# WORK REQUEST
Your answer should be a single number: how many lines in the data below hold the string "layers".

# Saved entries
:::::

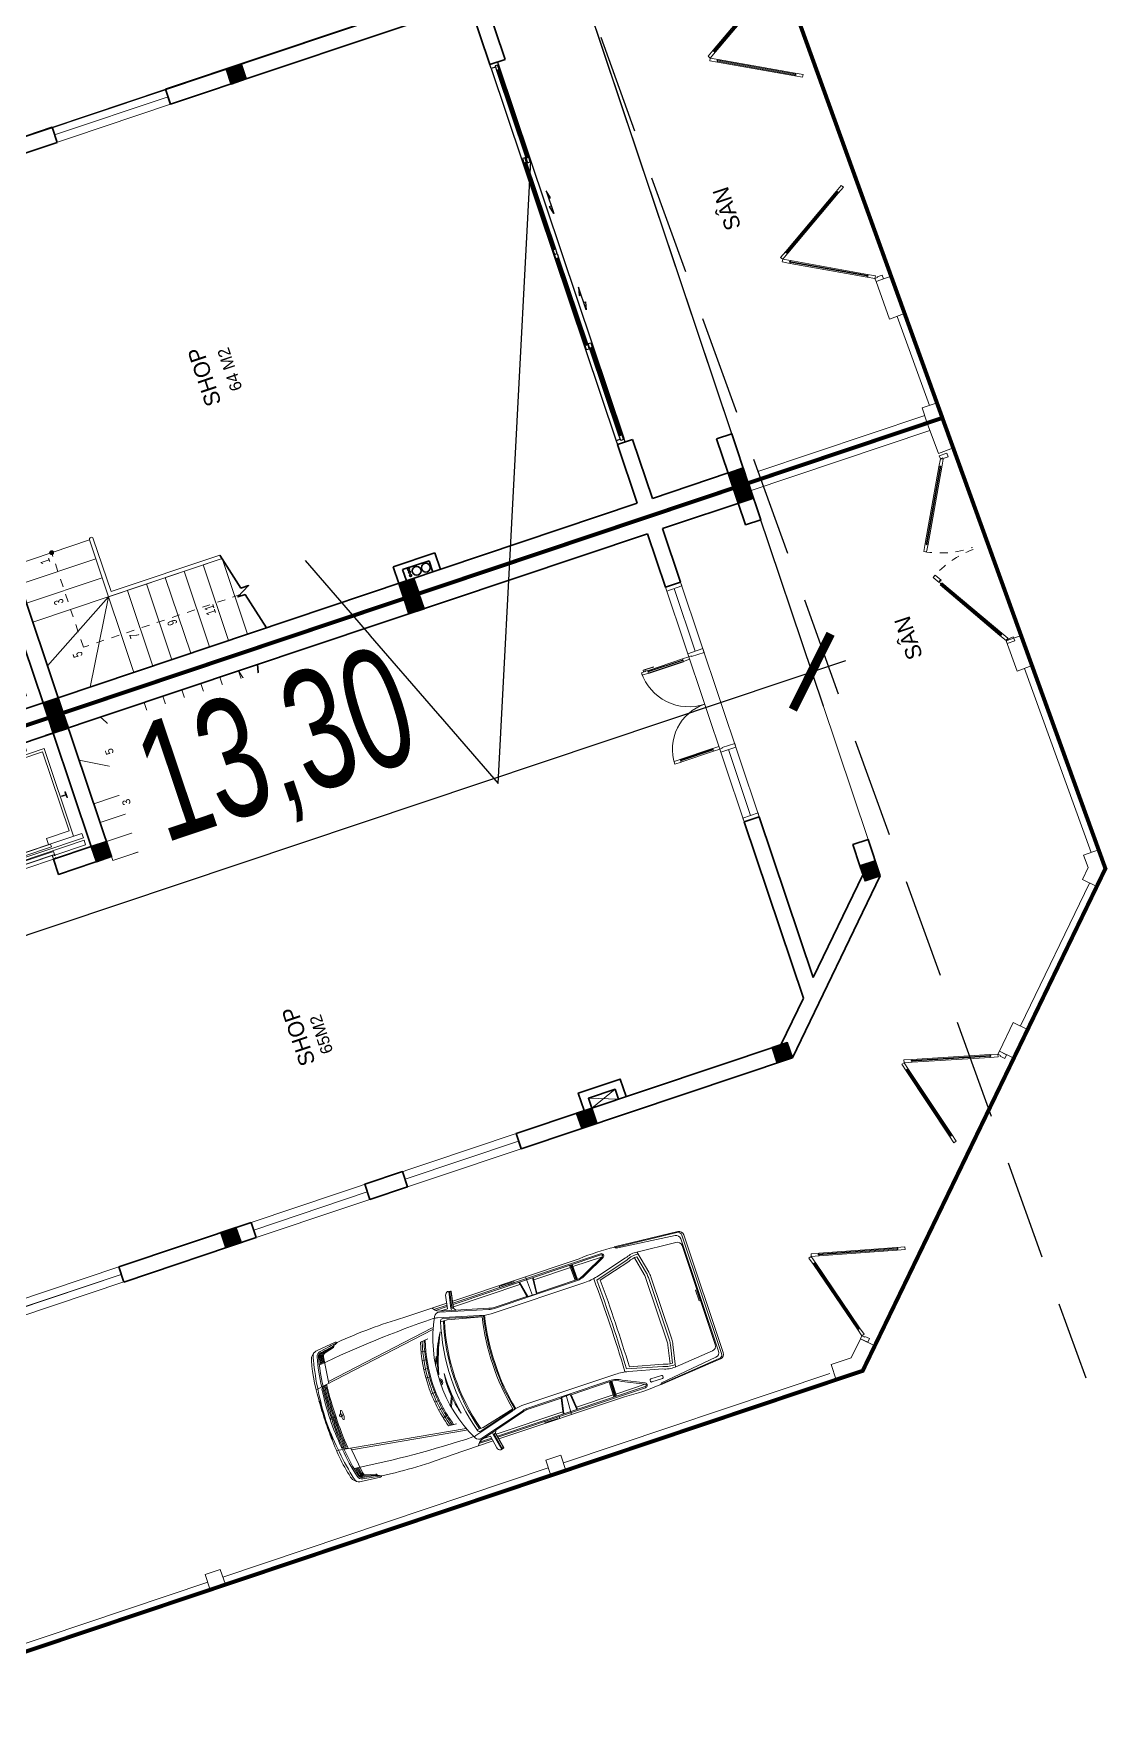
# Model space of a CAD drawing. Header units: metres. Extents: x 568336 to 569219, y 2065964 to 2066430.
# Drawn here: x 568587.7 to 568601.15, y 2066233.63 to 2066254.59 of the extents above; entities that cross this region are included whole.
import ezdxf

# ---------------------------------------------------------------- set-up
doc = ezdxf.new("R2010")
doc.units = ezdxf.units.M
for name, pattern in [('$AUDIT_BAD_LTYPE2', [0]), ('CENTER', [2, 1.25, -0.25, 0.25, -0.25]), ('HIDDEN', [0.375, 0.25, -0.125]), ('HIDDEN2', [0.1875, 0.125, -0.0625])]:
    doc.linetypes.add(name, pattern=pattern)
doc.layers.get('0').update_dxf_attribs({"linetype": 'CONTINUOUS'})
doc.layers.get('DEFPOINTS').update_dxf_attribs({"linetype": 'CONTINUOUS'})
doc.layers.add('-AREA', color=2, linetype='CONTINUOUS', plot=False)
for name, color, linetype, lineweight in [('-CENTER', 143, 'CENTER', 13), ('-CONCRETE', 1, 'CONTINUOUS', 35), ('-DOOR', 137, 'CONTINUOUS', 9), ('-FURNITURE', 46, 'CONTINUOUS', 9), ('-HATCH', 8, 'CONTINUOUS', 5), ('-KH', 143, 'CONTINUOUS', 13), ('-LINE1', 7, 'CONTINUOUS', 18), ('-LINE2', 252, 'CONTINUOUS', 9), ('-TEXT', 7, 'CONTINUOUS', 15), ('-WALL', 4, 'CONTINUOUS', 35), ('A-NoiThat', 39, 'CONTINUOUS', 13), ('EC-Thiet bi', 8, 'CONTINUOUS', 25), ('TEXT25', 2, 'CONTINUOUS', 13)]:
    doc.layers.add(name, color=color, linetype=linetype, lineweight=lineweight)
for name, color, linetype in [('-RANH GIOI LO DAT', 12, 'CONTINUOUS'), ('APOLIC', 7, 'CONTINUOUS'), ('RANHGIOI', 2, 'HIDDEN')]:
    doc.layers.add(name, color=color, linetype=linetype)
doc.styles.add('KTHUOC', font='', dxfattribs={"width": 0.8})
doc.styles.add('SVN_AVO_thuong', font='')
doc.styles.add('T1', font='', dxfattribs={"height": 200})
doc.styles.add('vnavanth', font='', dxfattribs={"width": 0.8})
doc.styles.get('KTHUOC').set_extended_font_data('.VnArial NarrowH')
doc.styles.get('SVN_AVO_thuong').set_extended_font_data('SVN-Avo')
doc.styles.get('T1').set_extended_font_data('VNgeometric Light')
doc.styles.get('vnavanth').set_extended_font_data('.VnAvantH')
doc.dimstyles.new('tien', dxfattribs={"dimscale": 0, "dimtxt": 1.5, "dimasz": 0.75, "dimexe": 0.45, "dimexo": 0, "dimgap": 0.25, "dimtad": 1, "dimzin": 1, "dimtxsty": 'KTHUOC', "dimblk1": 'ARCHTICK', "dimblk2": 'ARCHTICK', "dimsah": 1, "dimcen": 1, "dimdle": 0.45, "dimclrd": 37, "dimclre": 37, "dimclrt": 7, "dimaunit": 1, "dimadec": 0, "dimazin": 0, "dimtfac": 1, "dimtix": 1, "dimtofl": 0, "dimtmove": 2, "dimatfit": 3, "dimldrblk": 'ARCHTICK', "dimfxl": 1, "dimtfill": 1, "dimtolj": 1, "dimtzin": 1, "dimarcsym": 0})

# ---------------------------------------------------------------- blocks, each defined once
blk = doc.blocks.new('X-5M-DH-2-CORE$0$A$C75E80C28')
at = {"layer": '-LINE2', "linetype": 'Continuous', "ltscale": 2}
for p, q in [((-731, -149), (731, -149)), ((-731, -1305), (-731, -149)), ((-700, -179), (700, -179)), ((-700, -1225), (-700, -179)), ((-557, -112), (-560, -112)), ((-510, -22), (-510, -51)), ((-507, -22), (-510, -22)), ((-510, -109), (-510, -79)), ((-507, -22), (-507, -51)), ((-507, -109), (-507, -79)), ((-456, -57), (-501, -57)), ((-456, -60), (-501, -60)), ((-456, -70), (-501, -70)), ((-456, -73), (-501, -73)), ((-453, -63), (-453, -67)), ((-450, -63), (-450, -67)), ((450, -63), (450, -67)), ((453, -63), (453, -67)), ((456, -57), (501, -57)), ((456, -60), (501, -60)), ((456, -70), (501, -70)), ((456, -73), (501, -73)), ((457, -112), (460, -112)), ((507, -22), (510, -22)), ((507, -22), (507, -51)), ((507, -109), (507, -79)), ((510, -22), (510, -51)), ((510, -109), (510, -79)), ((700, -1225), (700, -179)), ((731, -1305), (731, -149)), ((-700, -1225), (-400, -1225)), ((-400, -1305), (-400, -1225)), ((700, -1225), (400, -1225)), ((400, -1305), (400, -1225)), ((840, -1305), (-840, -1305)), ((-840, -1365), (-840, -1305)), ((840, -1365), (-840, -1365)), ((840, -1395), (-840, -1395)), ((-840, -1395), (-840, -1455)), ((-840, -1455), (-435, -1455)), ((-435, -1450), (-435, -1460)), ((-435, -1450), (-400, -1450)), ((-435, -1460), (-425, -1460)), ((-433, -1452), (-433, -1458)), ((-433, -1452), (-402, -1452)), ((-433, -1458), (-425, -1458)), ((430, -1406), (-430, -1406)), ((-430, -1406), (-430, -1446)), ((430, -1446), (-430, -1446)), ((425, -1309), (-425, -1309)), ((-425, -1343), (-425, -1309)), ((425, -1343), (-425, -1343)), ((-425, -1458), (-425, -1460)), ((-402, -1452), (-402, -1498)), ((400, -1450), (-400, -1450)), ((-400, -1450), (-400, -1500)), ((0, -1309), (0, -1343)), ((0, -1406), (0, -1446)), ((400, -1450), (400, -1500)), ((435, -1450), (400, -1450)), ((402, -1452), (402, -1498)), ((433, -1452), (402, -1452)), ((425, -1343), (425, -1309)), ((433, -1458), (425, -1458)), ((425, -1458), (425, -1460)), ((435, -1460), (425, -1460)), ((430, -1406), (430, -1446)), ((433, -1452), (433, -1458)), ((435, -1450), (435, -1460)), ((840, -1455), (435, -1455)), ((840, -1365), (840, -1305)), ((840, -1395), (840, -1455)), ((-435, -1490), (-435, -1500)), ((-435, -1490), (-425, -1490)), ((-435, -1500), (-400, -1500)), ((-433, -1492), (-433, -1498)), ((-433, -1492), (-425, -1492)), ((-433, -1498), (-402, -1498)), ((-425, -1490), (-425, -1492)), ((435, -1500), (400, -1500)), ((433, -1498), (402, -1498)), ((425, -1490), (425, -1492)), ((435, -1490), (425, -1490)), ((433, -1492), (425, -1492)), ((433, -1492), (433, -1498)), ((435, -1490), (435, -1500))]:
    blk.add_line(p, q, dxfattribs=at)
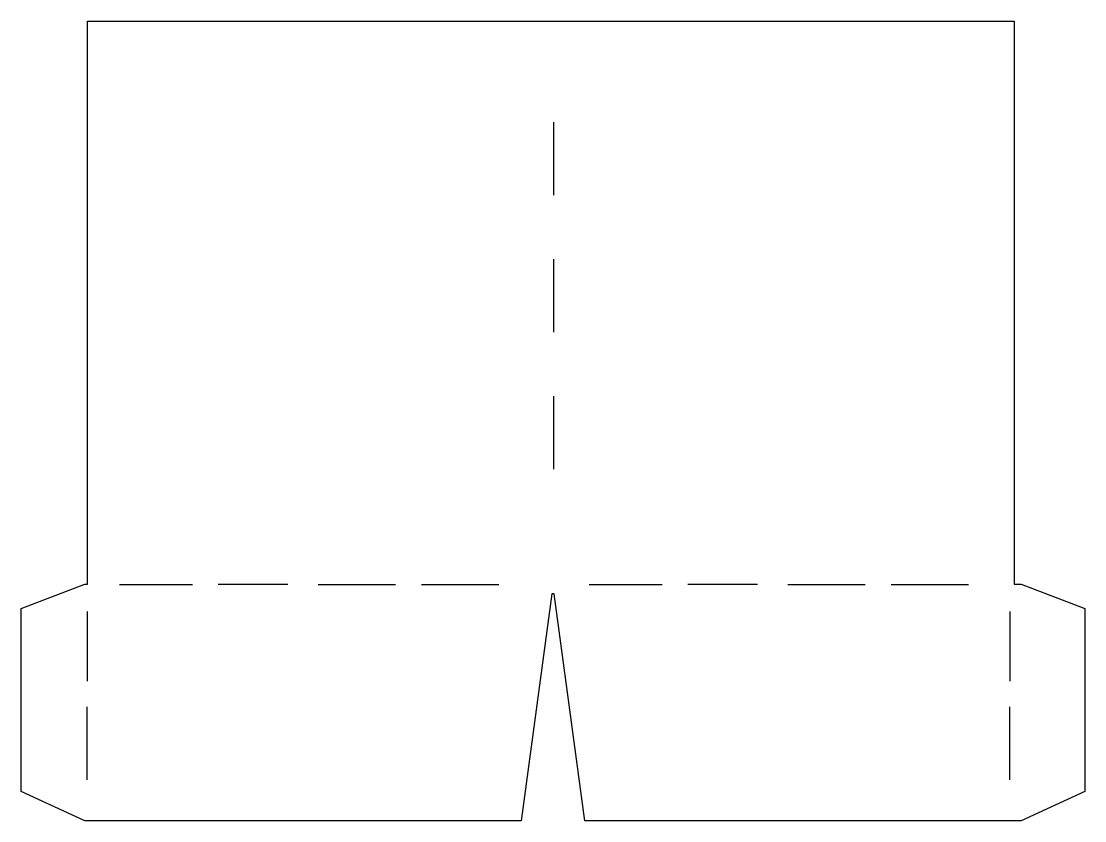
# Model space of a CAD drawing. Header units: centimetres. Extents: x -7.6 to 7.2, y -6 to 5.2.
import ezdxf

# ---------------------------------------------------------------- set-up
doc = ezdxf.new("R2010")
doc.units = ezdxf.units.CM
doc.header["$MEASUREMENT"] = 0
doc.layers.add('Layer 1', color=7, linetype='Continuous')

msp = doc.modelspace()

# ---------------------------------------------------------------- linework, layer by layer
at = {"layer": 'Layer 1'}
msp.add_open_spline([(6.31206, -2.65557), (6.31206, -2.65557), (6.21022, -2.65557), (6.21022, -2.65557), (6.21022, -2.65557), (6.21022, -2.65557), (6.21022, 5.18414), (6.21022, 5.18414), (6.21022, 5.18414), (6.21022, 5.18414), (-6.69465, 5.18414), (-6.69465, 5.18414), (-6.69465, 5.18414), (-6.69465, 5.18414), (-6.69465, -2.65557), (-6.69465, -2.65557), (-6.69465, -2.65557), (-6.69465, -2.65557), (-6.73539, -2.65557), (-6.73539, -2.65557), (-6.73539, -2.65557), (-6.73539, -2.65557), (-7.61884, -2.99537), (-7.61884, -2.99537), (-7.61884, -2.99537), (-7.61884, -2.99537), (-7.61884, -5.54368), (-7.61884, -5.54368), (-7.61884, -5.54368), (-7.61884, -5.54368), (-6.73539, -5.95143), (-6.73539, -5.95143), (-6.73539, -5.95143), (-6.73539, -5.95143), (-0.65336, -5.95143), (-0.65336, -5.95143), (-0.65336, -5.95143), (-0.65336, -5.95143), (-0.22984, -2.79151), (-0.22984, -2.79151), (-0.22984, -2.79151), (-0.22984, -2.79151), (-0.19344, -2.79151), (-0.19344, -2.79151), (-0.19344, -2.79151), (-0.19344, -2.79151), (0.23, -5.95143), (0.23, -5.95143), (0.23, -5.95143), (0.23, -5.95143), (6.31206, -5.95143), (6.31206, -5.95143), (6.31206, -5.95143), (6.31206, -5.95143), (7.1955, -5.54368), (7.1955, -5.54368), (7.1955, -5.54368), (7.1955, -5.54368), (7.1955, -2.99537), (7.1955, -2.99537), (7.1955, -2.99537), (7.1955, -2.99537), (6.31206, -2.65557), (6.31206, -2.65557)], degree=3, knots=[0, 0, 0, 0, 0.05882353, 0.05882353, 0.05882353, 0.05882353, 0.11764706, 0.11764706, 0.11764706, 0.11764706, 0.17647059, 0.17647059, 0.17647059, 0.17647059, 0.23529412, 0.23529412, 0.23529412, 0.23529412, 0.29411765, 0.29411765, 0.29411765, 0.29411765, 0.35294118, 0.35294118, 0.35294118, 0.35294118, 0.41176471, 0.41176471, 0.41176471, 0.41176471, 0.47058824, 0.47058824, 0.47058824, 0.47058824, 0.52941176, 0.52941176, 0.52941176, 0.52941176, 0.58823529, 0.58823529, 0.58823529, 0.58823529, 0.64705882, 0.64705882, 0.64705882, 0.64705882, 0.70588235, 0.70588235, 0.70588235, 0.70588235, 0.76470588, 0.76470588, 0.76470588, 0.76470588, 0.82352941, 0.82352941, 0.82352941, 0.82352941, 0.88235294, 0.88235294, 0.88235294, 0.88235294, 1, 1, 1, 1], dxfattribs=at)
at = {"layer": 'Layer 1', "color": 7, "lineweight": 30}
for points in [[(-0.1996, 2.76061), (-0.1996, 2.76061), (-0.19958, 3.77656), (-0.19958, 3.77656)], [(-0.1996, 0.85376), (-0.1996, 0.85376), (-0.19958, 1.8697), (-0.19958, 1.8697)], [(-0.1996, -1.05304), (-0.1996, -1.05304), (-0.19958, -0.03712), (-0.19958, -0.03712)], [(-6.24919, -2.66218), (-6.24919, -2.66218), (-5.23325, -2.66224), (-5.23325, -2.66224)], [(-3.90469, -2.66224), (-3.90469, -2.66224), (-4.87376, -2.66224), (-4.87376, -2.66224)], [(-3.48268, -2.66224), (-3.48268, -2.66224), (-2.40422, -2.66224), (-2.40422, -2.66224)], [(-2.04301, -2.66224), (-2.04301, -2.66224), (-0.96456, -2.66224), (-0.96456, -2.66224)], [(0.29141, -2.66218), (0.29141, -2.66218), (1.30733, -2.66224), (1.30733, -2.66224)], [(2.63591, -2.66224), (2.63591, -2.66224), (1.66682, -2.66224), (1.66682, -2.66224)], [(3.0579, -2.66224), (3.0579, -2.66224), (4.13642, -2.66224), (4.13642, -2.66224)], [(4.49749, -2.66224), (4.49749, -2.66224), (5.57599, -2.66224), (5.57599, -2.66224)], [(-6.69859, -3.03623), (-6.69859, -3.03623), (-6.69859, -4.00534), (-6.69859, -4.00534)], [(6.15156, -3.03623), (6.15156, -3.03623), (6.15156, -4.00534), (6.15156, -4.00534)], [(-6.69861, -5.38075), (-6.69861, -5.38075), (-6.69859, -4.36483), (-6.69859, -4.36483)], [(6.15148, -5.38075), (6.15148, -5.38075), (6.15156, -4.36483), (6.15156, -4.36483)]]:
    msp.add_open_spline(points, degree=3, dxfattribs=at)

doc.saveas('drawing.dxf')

:::::

# OUTPUT OF THE TASK
6